The Florida Insurance Council (FIC), joined by three national property and casualty trade associations, said that the report released by the Academy of Florida Trial Attorneys, entitled “Pattern of Greed” to be totally without merit.

“While the insurance industry is busy helping hurricane victims reconstruct their lives again, the trial bar appears to be hell-bent on deconstructing the insurance industry. It’s an apparent act of sour grapes after losing lawsuits in Mississippi that they had hoped would garner millions of dollars for themselves,” said Sam Miller, executive vice president of the Florida Insurance Council.

“The property-casualty insurance industry has great empathy for all victims of Hurricane Katrina and Hurricanes Rita and Wilma. We are proud to be a central part of the recovery and rebuilding system along the Gulf Coast.

“The number one priority of insurers, especially after catastrophic events like Katrina, is to take care of our policyholders and help them rebuild their lives,” said Miller. “For the trial bar to cobble together a collection of media stories, full of unfounded and unproven allegations, to use in an attack on the tens of thousands of dedicated insurance industry employees who have been serving policyholders in the wake of Hurricane Katrina, is inappropriate and counterproductive. Insurers want to work with consumers and public policymakers in Florida to develop innovative solutions based on sound economic principles to stabilize the state’s insurance market and support the Florida economy.”
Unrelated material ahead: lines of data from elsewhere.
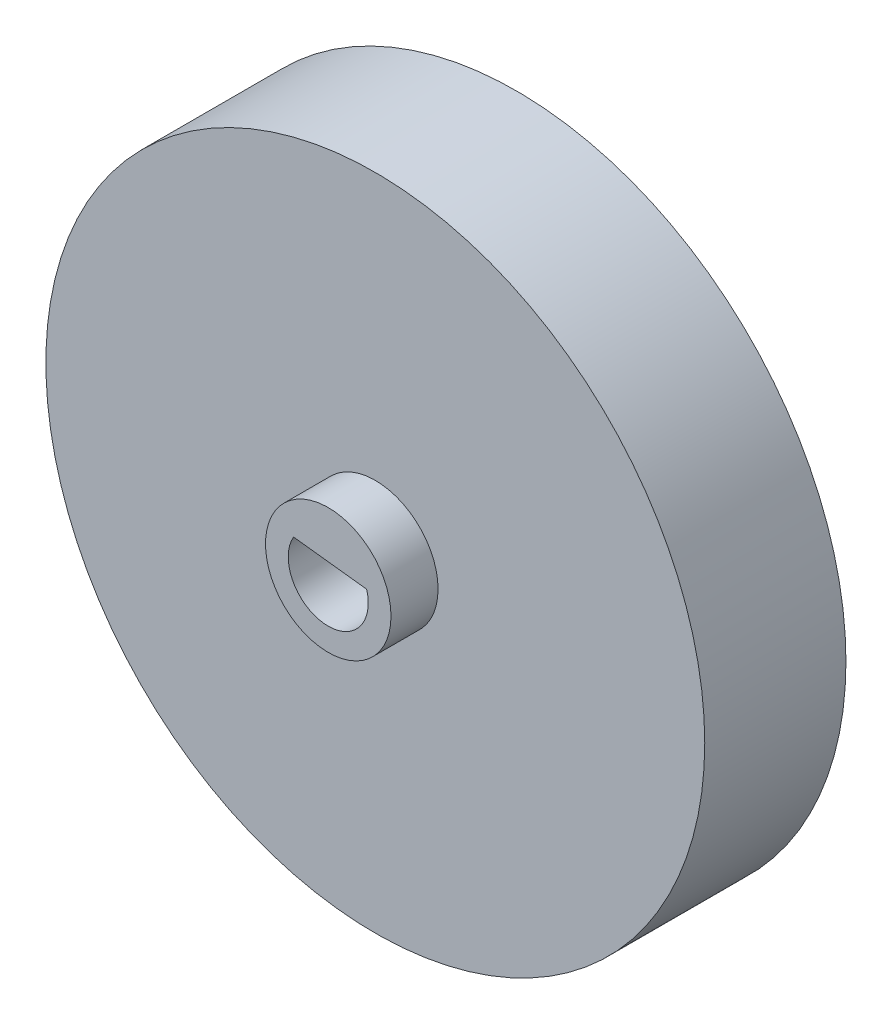
SolidWorks part; units mm, degrees
ref_plane "前视基准面" through (0, 0, 0) normal (0, 0, 1) x (1, 0, 0)
ref_plane "上视基准面" through (0, 0, 0) normal (0, 1, 0) x (1, 0, 0)
ref_plane "右视基准面" through (0, 0, 0) normal (1, 0, 0) x (0, 0, -1)
other "Configuration Table"
sketch "草图1" plane through (0, 0, 0) normal (0, 0, 1) x (1, 0, 0)
  line L0 (4.894, 1.4347) -> (-4.4239, 2.5376)
  circle A0 centre (0, 0) radius 8
  arc A1 (-4.4239, 2.5376) -> (4.894, 1.4347) centre (0, 0) ccw
extrude "凸台-拉伸1" add sketch "草图1" along normal blind 24
sketch "草图2" plane through (0, 0, 0) normal (0, 0, 1) x (1, 0, 0)
  circle A0 centre (0, 0) radius 42
  circle A1 centre (0, 0) radius 8
extrude "凸台-拉伸2" add sketch "草图2" along normal blind 18
sketch "草图3" plane through (0, 0, 0) normal (0, 0, 1) x (1, 0, 0)
  line L0 (37.5326, 2.0353) -> (37.5954, 2.0363)
  line L1 (37.5954, 2.0363) -> (37.7836, 2.0295)
  line L2 (37.7836, 2.0295) -> (38.0963, 2.0006)
  line L3 (38.0963, 2.0006) -> (38.531, 1.9351)
  line L4 (38.531, 1.9351) -> (39.0842, 1.9351)
  line L5 (39.0842, 1.9351) -> (39.751, 1.9351)
  line L6 (39.751, 1.9351) -> (40.5253, 1.3796)
  line L7 (40.5253, 1.3796) -> (41.4002, 1.3796)
  line L8 (41.9773, 1.3796) -> (42, 0)
  line L9 (42, 0) -> (41.9968, -0.5224)
  line L10 (41.9968, -0.5224) -> (41.987, -1.0447)
  line L11 (41.987, -1.0447) -> (40.5253, -1.0447)
  line L12 (40.5253, -1.0447) -> (39.751, -2.0353)
  line L13 (39.751, -2.0353) -> (39.0842, -2.0353)
  line L14 (39.0842, -2.0353) -> (38.531, -2.0353)
  line L15 (38.531, -2.0353) -> (38.0963, -2.0006)
  line L16 (38.0963, -2.0006) -> (37.5326, -2.0353)
  line L17 (37.5326, -2.0353) -> (37.5954, -2.0363)
  line L18 (37.5954, -2.0363) -> (37.5326, -2.0353)
  arc A0 (37.5326, -2.0353) -> (37.5326, 2.0353) centre (0, 0) ccw
  circle A1 centre (0, 0) radius 42 construction

Like insurers, the trial bar has also been busy since Hurricane Katrina hit, but not in the service of consumers, according to Miller. Instead, they’ve engaged in a broad effort to distort the facts and paint an inaccurate and harshly negative picture of insurers, according to the insurer groups.

Insurers said that the trial attorneys ignore the following, which they say are the facts of the situation:

As reported by the Insurance Information Institute, nearly 95 percent of homeowners’ insurance claims have been settled in Louisiana and Mississippi, totaling nearly $15.5 billion. Homeowners insurers ultimately will pay more than one million homeowners claims totaling $16.4 billion from Hurricane Katrina.

A very small percentage of claims remain unresolved. Some of these remaining claims will be resolved by the state’s impartial mediation program. Others will be resolved via litigation.

Insurers are committed to paying for all damage that falls within the limits of the insurance contracts with their customers.

Insurers cannot pay claims for coverage the policyholder did not purchase. This would include damage from storm surge and flooding, both of which have been excluded from homeowners policies.

In the Leonard v. Nationwide decision announced last week in Mississippi, the court reaffirmed the flood exclusion found in most state-approved homeowners’ policies.

“Going forward, we urge the plaintiff’s bar to join with insurers in a productive and positive effort to meet the enormous challenges of rebuilding the Gulf Coast,” Miller added. “The Hurricane Katrina recovery is almost one year old and insurers remain dedicated to a successful completion of that effort. Can the trial bar say the same?”